Я вопросительно посмотрел на него, и он уже хотел рассказать, но в это время дверь в курительную открылась, и вошли двое немолодых мужчин, о чем-то оживленно беседуя. Они кивнули нам и, не прекращая своего разговора, налили себе нами подогретый чай. Невольно став слушателем, я ужаснулся оттого, что слышал. Не потому, что говорили что-то очень страшное, а потому что я ничего в их речи не понимал, а ведь говорили только по-русски!
– На седьмой фазе выброс будет на три с половиной процента меньше. На восьмой на три точка две… – говорил один мужчина другому. – На девятой выброса может вообще не быть. Там сигнал не нашел сопротивления вообще. Как в черную дыру ухнул и не вернулся.
– Ты же не думаешь что там полость?
– Я думаю, что там уровень.
– Ты тоже заразился этой дурочкой…
– При чем тут она. Ее модель рабочая. Ее теория имеет право на жизнь. В Новосибирске построили модель. Отработали все, что делали мы и получили те же результаты. Качалов уже статью написал. Уже отзывы из Аргентины пришли. Там повторили и получили тоже самое. Это не тот пробой, который мы добивались. Это тот самый сигма-пробой, который описал еще раньше Кстесс. Самый настоящий сигма-пробой
– Ты же сам Кстесса матом ругал и неудачником называл! – удивился собеседник и посмотрел мельком на Вовку, который отчаянно делал вид, что не слушает.

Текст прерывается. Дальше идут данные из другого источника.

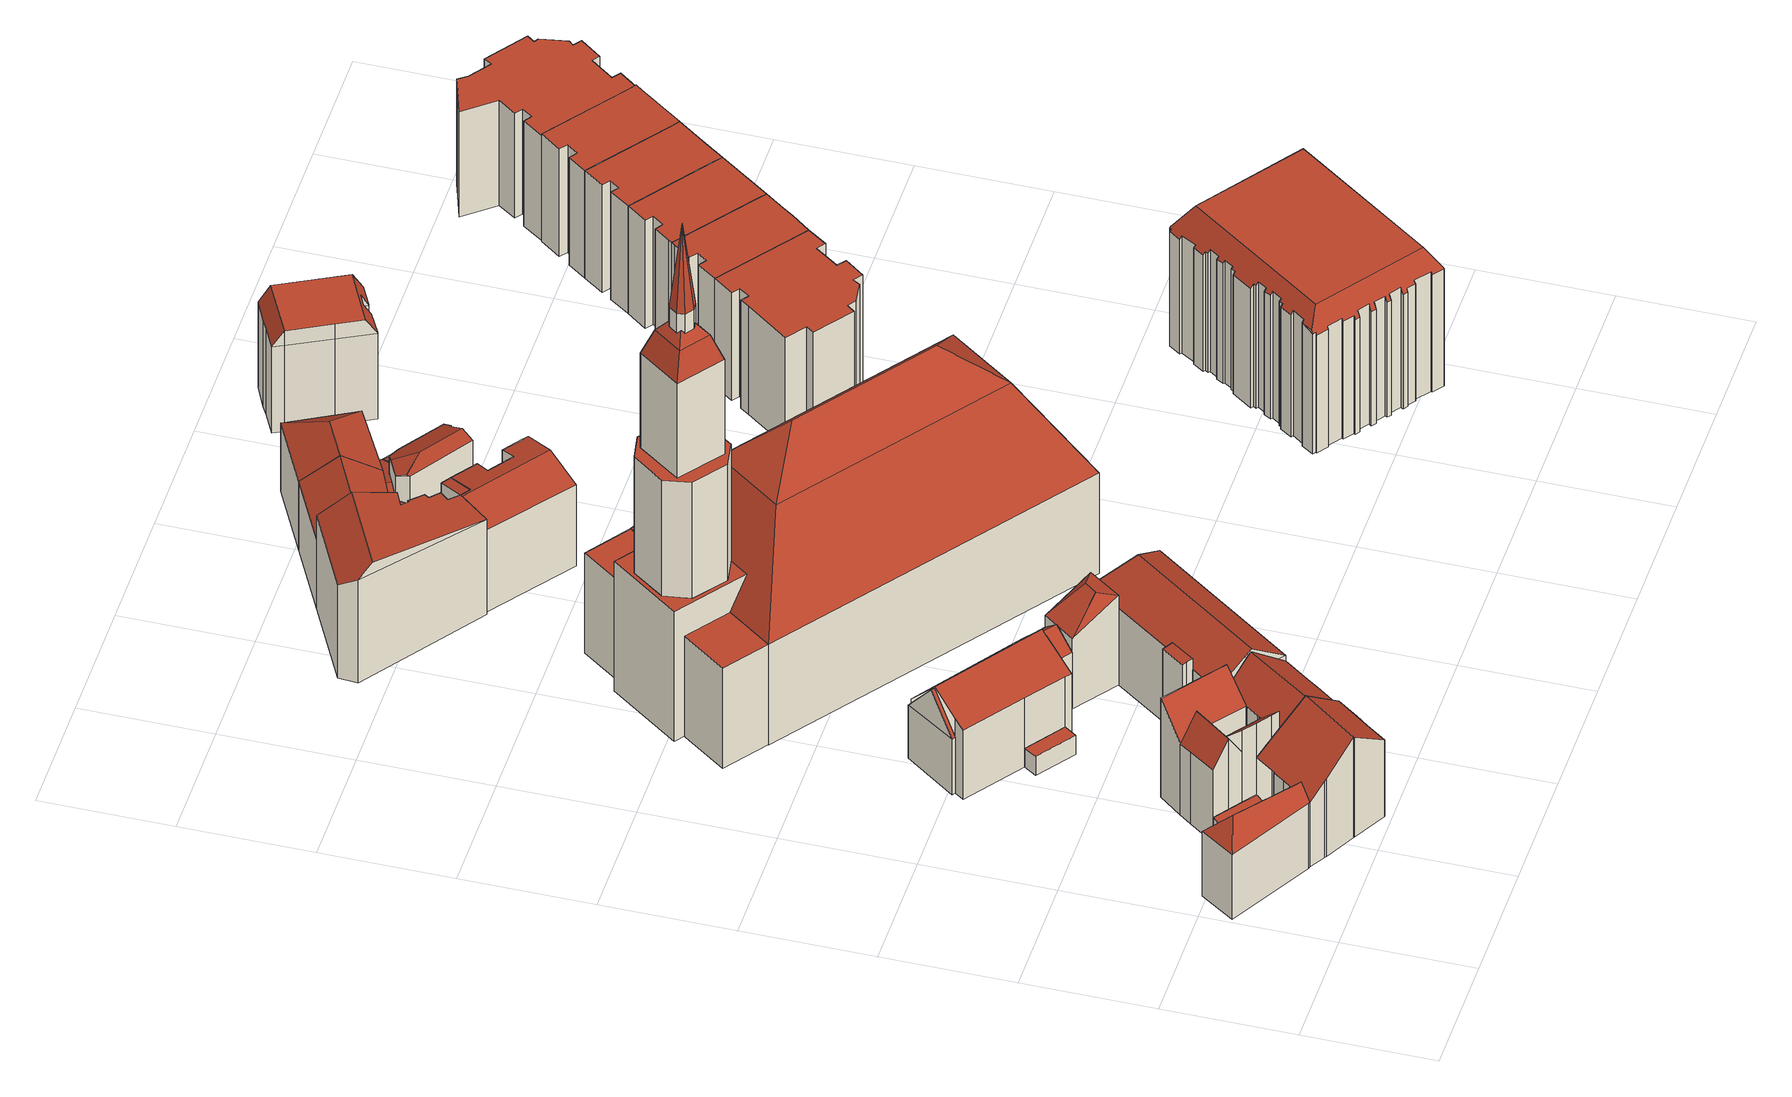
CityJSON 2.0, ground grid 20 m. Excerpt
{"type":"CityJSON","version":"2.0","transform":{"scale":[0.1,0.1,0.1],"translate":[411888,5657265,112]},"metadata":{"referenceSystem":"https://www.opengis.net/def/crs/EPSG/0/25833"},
"CityObjects":{
"building1":{"type":"Building","attributes":{"Gemeindeschluessel":14612000,"Geometrietyp2DReferenz":"3000","function":"31001_9998","roofType":"9999"},"children":["building1-1","building1-2","building1-3"]},
"building1-1":{"type":"BuildingPart","attributes":{"Dachtyp_tdc":"tdcFreeFormRoof","Dachneigung":48.9,"QualitaetDacherkennung":18,"Geometrietyp2DReferenz":"3000","measuredHeight":15.21,"roofType":"5000"},"parents":["building1"],"geometry":[{"type":"MultiSurface","lod":"2","boundaries":[[[0,1,2,3]],[[1,4,5,6,2]],[[7,8,9,10,11]],[[8,0,3,9]],[[12,4,1,13]],[[1,0,13]],[[0,8,7,12,13]],[[3,2,6,14,10,9]]],"semantics":{"surfaces":[{"type":"WallSurface"},{"type":"RoofSurface"},{"type":"GroundSurface"}],"values":[0,0,0,0,1,1,1,2]}}]},
"building1-2":{"type":"BuildingPart","attributes":{"Dachtyp_tdc":"tdcGableRoof","Dachneigung":37.56,"QualitaetDacherkennung":42,"Geometrietyp2DReferenz":"3000","measuredHeight":18.18,"roofType":"3100"},"parents":["building1"],"geometry":[{"type":"MultiSurface","lod":"2","boundaries":[[[5,15,16,6]],[[15,17,18,16]],[[17,19,20,18]],[[19,21,22,23,20]],[[24,25,26,27,28]],[[25,29,30,26]],[[29,31,32,30]],[[31,33,34,32]],[[33,35,36,34]],[[35,37,38,36]],[[37,39,40,38]],[[39,41,42,40]],[[41,43,44,42]],[[43,45,46,44]],[[45,11,10,46]],[[41,39,37,35,33,31,29]],[[29,25,24,21,19,17,15,5,47,11,45,43,41]],[[10,14,6,16,18,20,23,27,26,30,32,34,36,38,40,42,44,46]]],"semantics":{"surfaces":[{"type":"WallSurface"},{"type":"RoofSurface"},{"type":"GroundSurface"}],"values":[0,0,0,0,0,0,0,0,0,0,0,0,0,0,0,1,1,2]}}]},
"building1-3":{"type":"BuildingPart","attributes":{"Dachtyp_tdc":"tdcPolyFlatRoof","Dachneigung":17.08,"QualitaetDacherkennung":51,"Geometrietyp2DReferenz":"3000","measuredHeight":4.83,"roofType":"2100"},"parents":["building1"],"geometry":[{"type":"MultiSurface","lod":"2","boundaries":[[[48,49,50,51]],[[49,52,53,50]],[[52,28,27,53]],[[22,54,20,23]],[[54,48,51,20]],[[54,22,28,52,49,48]],[[51,50,53,27,23,20]]],"semantics":{"surfaces":[{"type":"WallSurface"},{"type":"RoofSurface"},{"type":"GroundSurface"}],"values":[0,0,0,0,0,1,2]}}]},
"building2":{"type":"Building","attributes":{"Gemeindeschluessel":14612000,"Geometrietyp2DReferenz":"3000","function":"31001_9998","roofType":"9999"},"children":["building2-1","building2-2","building2-3","building2-4"]},
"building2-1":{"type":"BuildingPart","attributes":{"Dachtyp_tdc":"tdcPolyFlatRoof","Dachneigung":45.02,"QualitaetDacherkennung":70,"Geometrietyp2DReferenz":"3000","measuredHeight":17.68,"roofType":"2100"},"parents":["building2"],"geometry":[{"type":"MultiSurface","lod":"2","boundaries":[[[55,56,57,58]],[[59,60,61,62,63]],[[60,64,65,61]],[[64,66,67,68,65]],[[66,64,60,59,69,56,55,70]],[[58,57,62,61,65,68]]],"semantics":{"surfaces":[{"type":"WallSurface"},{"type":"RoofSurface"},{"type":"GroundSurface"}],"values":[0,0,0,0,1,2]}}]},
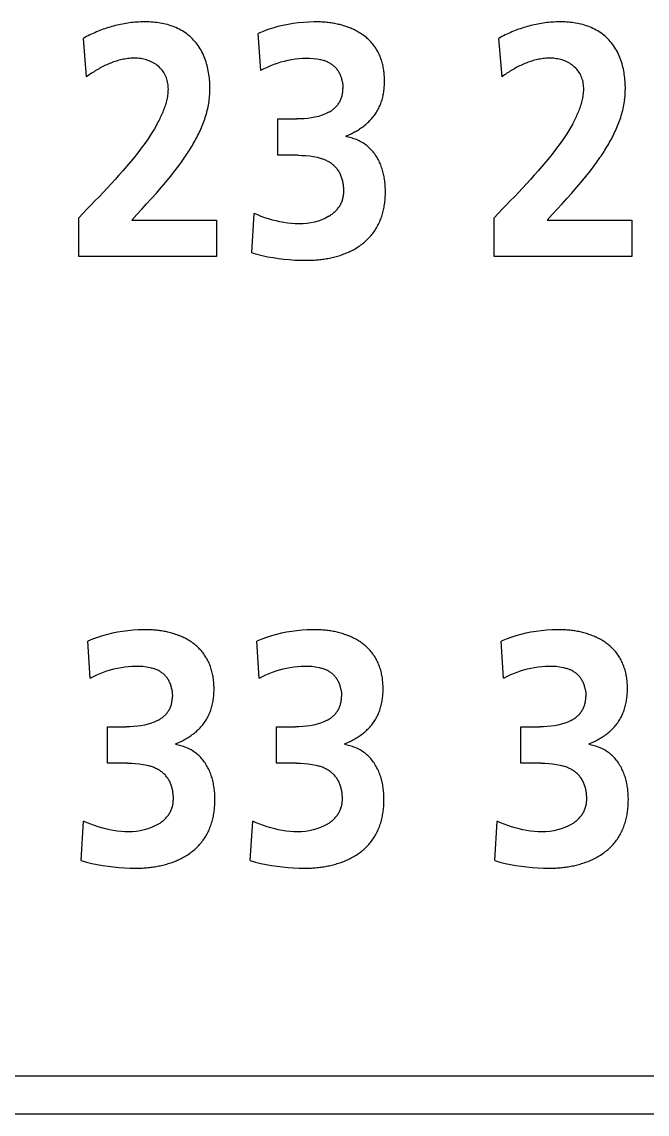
# Model space of a CAD drawing. Extents: x 168 to 388, y 259 to 356.
# Drawn here: x 315.9 to 320.78, y 321.17 to 329.69 of the extents above; entities that cross this region are included whole.
import ezdxf

# ---------------------------------------------------------------- set-up
doc = ezdxf.new("R2010")
doc.units = 0
doc.header["$MEASUREMENT"] = 0
doc.layers.get('0').update_dxf_attribs({"linetype": 'CONTINUOUS'})

msp = doc.modelspace()

# ---------------------------------------------------------------- linework, layer by layer
at = {"color": 7, "linetype": 'Continuous'}
for p, q in [((317.9395, 329.666), (317.9, 329.6565)), ((317.9788, 329.674), (317.9395, 329.666)), ((318.0188, 329.6807), (317.9788, 329.674)), ((318.059, 329.686), (318.0188, 329.6807)), ((318.1003, 329.6901), (318.059, 329.686)), ((318.1408, 329.6926), (318.1003, 329.6901)), ((318.1813, 329.6939), (318.1408, 329.6926)), ((318.2219, 329.6936), (318.1813, 329.6939)), ((317.7842, 329.6192), (317.7467, 329.6037)), ((317.7653, 329.3149), (317.7467, 329.6037)), ((317.8223, 329.6331), (317.7842, 329.6192)), ((317.8609, 329.6455), (317.8223, 329.6331)), ((317.9, 329.6565), (317.8609, 329.6455)), ((316.4062, 329.2659), (316.3807, 329.565)), ((319.6508, 329.2659), (319.6253, 329.565)), ((318.0913, 329.4093), (318.1196, 329.4102)), ((318.1196, 329.4102), (318.148, 329.41)), ((318.148, 329.41), (318.1764, 329.4082)), ((317.7665, 329.3155), (317.7917, 329.3287)), ((317.7917, 329.3287), (317.8174, 329.341)), ((317.8174, 329.341), (317.8435, 329.3524)), ((317.8435, 329.3524), (317.87, 329.3628)), ((317.87, 329.3628), (317.8965, 329.3722)), ((317.8965, 329.3722), (317.9237, 329.3807)), ((317.9237, 329.3807), (317.9512, 329.3882)), ((317.9512, 329.3882), (317.9789, 329.3946)), ((317.9789, 329.3946), (318.0065, 329.3998)), ((318.0065, 329.3998), (318.0346, 329.4041)), ((318.0346, 329.4041), (318.0629, 329.4073)), ((318.0629, 329.4073), (318.0913, 329.4093)), ((318.1764, 329.4082), (318.2047, 329.4047)), ((318.2047, 329.4047), (318.2326, 329.3991)), ((318.2326, 329.3991), (318.26, 329.3912)), ((318.4029, 329.2298), (318.4067, 329.2015)), ((318.4067, 329.2015), (318.4078, 329.1731)), ((318.2964, 328.9876), (318.2709, 328.975)), ((316.9578, 328.8982), (316.935, 328.8587)), ((317.8996, 328.6522), (317.8996, 328.9359)), ((317.8996, 328.9359), (318.0481, 328.9359)), ((318.0766, 328.9363), (318.0481, 328.9359)), ((318.105, 328.9378), (318.0766, 328.9363)), ((318.1334, 328.9404), (318.105, 328.9378)), ((318.1616, 328.9442), (318.1334, 328.9404)), ((318.1896, 328.9494), (318.1616, 328.9442)), ((318.2173, 328.9561), (318.1896, 328.9494)), ((318.2444, 328.9646), (318.2173, 328.9561)), ((318.2709, 328.975), (318.2444, 328.9646)), ((320.2023, 328.8981), (320.1795, 328.8585)), ((316.9109, 328.8199), (316.8857, 328.7818)), ((316.935, 328.8587), (316.9109, 328.8199)), ((320.1554, 328.8197), (320.1301, 328.7817)), ((320.1795, 328.8585), (320.1554, 328.8197)), ((316.8595, 328.7444), (316.8325, 328.7076)), ((316.8857, 328.7818), (316.8595, 328.7444)), ((320.1039, 328.7443), (320.0769, 328.7074)), ((320.1301, 328.7817), (320.1039, 328.7443)), ((316.8048, 328.6712), (316.7764, 328.6354)), ((316.8325, 328.7076), (316.8048, 328.6712)), ((318.0574, 328.6522), (317.8996, 328.6522)), ((318.0574, 328.6522), (318.0874, 328.6518)), ((318.0874, 328.6518), (318.1176, 328.65)), ((318.1176, 328.65), (318.1482, 328.647)), ((318.1482, 328.647), (318.1782, 328.6425)), ((318.1782, 328.6425), (318.2078, 328.6363)), ((320.0492, 328.6711), (320.0209, 328.6353)), ((320.0769, 328.7074), (320.0492, 328.6711)), ((316.7182, 328.5651), (316.6884, 328.5305)), ((316.7476, 328.6), (316.7182, 328.5651)), ((316.7764, 328.6354), (316.7476, 328.6)), ((317.0959, 328.5313), (317.1302, 328.5766)), ((318.2078, 328.6363), (318.237, 328.628)), ((319.9626, 328.5649), (319.9328, 328.5303)), ((319.992, 328.5999), (319.9626, 328.5649)), ((320.0209, 328.6353), (319.992, 328.5999)), ((320.3404, 328.5314), (320.3746, 328.5766)), ((316.6582, 328.4962), (316.6276, 328.4622)), ((316.6884, 328.5305), (316.6582, 328.4962)), ((317.0246, 328.4431), (317.0607, 328.4869)), ((317.0607, 328.4869), (317.0959, 328.5313)), ((319.9026, 328.4961), (319.872, 328.4621)), ((319.9328, 328.5303), (319.9026, 328.4961)), ((320.2691, 328.4431), (320.3052, 328.4869)), ((320.3052, 328.4869), (320.3404, 328.5314)), ((316.5656, 328.3952), (316.5342, 328.362)), ((316.5967, 328.4286), (316.5656, 328.3952)), ((316.6276, 328.4622), (316.5967, 328.4286)), ((316.9506, 328.3572), (316.9879, 328.3999)), ((316.9879, 328.3999), (317.0246, 328.4431)), ((319.81, 328.3951), (319.7786, 328.3619)), ((319.8411, 328.4285), (319.81, 328.3951)), ((319.872, 328.4621), (319.8411, 328.4285)), ((320.195, 328.3572), (320.2323, 328.3999)), ((320.2323, 328.3999), (320.2691, 328.4431)), ((316.5026, 328.329), (316.4709, 328.2962)), ((316.5342, 328.362), (316.5026, 328.329)), ((316.8747, 328.2729), (316.9128, 328.3149)), ((316.9128, 328.3149), (316.9506, 328.3572)), ((319.747, 328.3289), (319.7152, 328.2961)), ((319.7786, 328.3619), (319.747, 328.3289)), ((320.1191, 328.2729), (320.1572, 328.3149)), ((320.1572, 328.3149), (320.195, 328.3572)), ((316.4071, 328.2308), (316.3754, 328.1979)), ((316.4389, 328.2635), (316.4071, 328.2308)), ((316.4709, 328.2962), (316.4389, 328.2635)), ((316.798, 328.1893), (316.8364, 328.2311)), ((316.8364, 328.2311), (316.8747, 328.2729)), ((319.6514, 328.2308), (319.6196, 328.1979)), ((319.6833, 328.2634), (319.6514, 328.2308)), ((319.7152, 328.2961), (319.6833, 328.2634)), ((320.0425, 328.1893), (320.0808, 328.2311)), ((320.0808, 328.2311), (320.1191, 328.2729)), ((316.3754, 328.1979), (316.3438, 328.1649)), ((316.3438, 327.8633), (316.3438, 328.1649)), ((316.759, 328.147), (316.798, 328.1893)), ((316.759, 328.147), (317.4201, 328.147)), ((317.4201, 328.147), (317.4201, 327.8633)), ((317.6957, 327.8917), (317.7143, 328.1985)), ((317.7422, 328.1866), (317.7143, 328.1985)), ((317.7704, 328.1755), (317.7422, 328.1866)), ((317.7989, 328.1652), (317.7704, 328.1755)), ((317.8276, 328.1556), (317.7989, 328.1652)), ((317.8567, 328.147), (317.8276, 328.1556)), ((317.886, 328.1393), (317.8567, 328.147)), ((317.9156, 328.1327), (317.886, 328.1393)), ((317.9453, 328.127), (317.9156, 328.1327)), ((318.1861, 328.1307), (318.1565, 328.1241)), ((318.2152, 328.1392), (318.1861, 328.1307)), ((318.2436, 328.1496), (318.2152, 328.1392)), ((318.2712, 328.1621), (318.2436, 328.1496)), ((318.2977, 328.1768), (318.2712, 328.1621)), ((319.6196, 328.1979), (319.5881, 328.1649)), ((319.5881, 327.8633), (319.5881, 328.1649)), ((320.0035, 328.147), (320.0425, 328.1893)), ((320.0035, 328.147), (320.6647, 328.147)), ((320.6647, 328.147), (320.6647, 327.8633)), ((317.9759, 328.1224), (317.9453, 328.127)), ((318.0061, 328.1191), (317.9759, 328.1224)), ((318.0358, 328.117), (318.0061, 328.1191)), ((318.0661, 328.116), (318.0358, 328.117)), ((318.0964, 328.1167), (318.0661, 328.116)), ((318.1266, 328.1193), (318.0964, 328.1167)), ((318.1565, 328.1241), (318.1266, 328.1193)), ((317.6957, 327.8917), (317.7355, 327.8799)), ((317.7355, 327.8799), (317.7773, 327.8695)), ((317.4201, 327.8633), (316.3438, 327.8633)), ((317.7773, 327.8695), (317.8195, 327.8607)), ((317.8195, 327.8607), (317.8619, 327.8531)), ((317.8619, 327.8531), (317.9045, 327.8468)), ((317.9045, 327.8468), (317.9473, 327.8417)), ((317.9473, 327.8417), (317.9902, 327.8377)), ((317.9902, 327.8377), (318.0332, 327.8347)), ((318.0332, 327.8347), (318.0771, 327.8329)), ((318.0771, 327.8329), (318.1201, 327.8323)), ((318.1201, 327.8323), (318.1628, 327.8332)), ((320.6647, 327.8633), (319.5881, 327.8633)), ((316.5294, 324.9001), (316.4908, 324.8877)), ((316.5685, 324.911), (316.5294, 324.9001)), ((316.6079, 324.9205), (316.5685, 324.911)), ((316.6473, 324.9285), (316.6079, 324.9205)), ((316.6873, 324.9353), (316.6473, 324.9285)), ((316.7275, 324.9406), (316.6873, 324.9353)), ((316.7687, 324.9446), (316.7275, 324.9406)), ((316.8092, 324.9472), (316.7687, 324.9446)), ((316.8498, 324.9485), (316.8092, 324.9472)), ((316.8904, 324.9482), (316.8498, 324.9485)), ((317.8499, 324.9001), (317.8113, 324.8877)), ((317.889, 324.911), (317.8499, 324.9001)), ((317.9285, 324.9205), (317.889, 324.911)), ((317.9678, 324.9285), (317.9285, 324.9205)), ((318.0078, 324.9353), (317.9678, 324.9285)), ((318.048, 324.9406), (318.0078, 324.9353)), ((318.0892, 324.9446), (318.048, 324.9406)), ((318.1297, 324.9472), (318.0892, 324.9446)), ((318.1703, 324.9485), (318.1297, 324.9472)), ((318.2109, 324.9482), (318.1703, 324.9485)), ((319.7585, 324.9001), (319.7199, 324.8877)), ((319.7976, 324.911), (319.7585, 324.9001)), ((319.837, 324.9205), (319.7976, 324.911)), ((319.8764, 324.9285), (319.837, 324.9205)), ((319.9164, 324.9353), (319.8764, 324.9285)), ((319.9566, 324.9406), (319.9164, 324.9353)), ((319.9978, 324.9446), (319.9566, 324.9406)), ((320.0383, 324.9472), (319.9978, 324.9446)), ((320.0789, 324.9485), (320.0383, 324.9472)), ((320.1195, 324.9482), (320.0789, 324.9485)), ((316.4527, 324.8737), (316.4151, 324.8583)), ((316.4337, 324.5694), (316.4151, 324.8583)), ((316.4908, 324.8877), (316.4527, 324.8737)), ((317.7732, 324.8737), (317.7356, 324.8583)), ((317.7542, 324.5694), (317.7356, 324.8583)), ((317.8113, 324.8877), (317.7732, 324.8737)), ((319.6817, 324.8737), (319.6442, 324.8583)), ((319.6628, 324.5694), (319.6442, 324.8583)), ((319.7199, 324.8877), (319.6817, 324.8737)), ((316.565, 324.6268), (316.5922, 324.6352)), ((316.5922, 324.6352), (316.6196, 324.6427)), ((316.6196, 324.6427), (316.6474, 324.6491)), ((316.6474, 324.6491), (316.6749, 324.6544)), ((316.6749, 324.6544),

– Значит извинюсь, как возможность будет. – отрезал первый и закуривая пояснил: – Кстесс все равно баран. Вместо того, что бы дать полную выкладку, к которой мы сейчас пришли он с заумным видом, без выкладок, нам пытался нас убедить в том, что в теории Полякова не описано никак и не предусмотрено вообще. Что я должен был говорить? Ах, Кстесс вы такой гениальный, что сделали за неделю то, что не сделал Поляков со своей командой работая двенадцать лет? Вы, мол, смогли разобраться в том, в чем институт разбирается уже двадцать лет? Так? То, что ему озарение пришло это его проблемы. А вот мы доказали! Разницу почувствуй! Доказали существование полостей и уровней, и что если мы хотим получить единицу Полякова нам надо не в по синусу пускать, а искать прямой вариант. Кстати…
Говоривший достал из кармана миниатюрный радиоприемник и проговорил в него:
– Катенька, а полость вы как для Игоря Андреевича описали? Через какое уравнение? Через мое? Ой, спасибо золотце. Это я и хотел узнать. Ага. Кстати, как там у вас? Почему температура падает? Ну, это к физикам. Да будите их смело, утро уже. Нет, мы с Павлом Георгиевичем еще не ложились. В обед ляжем. Спасибо Катенька еще раз. – он убрал рацию в карман и сказал собеседнику: – Не смотри на меня так.
– Да я чего… – покачал головой и, ставя чашку на столик, сказал второй.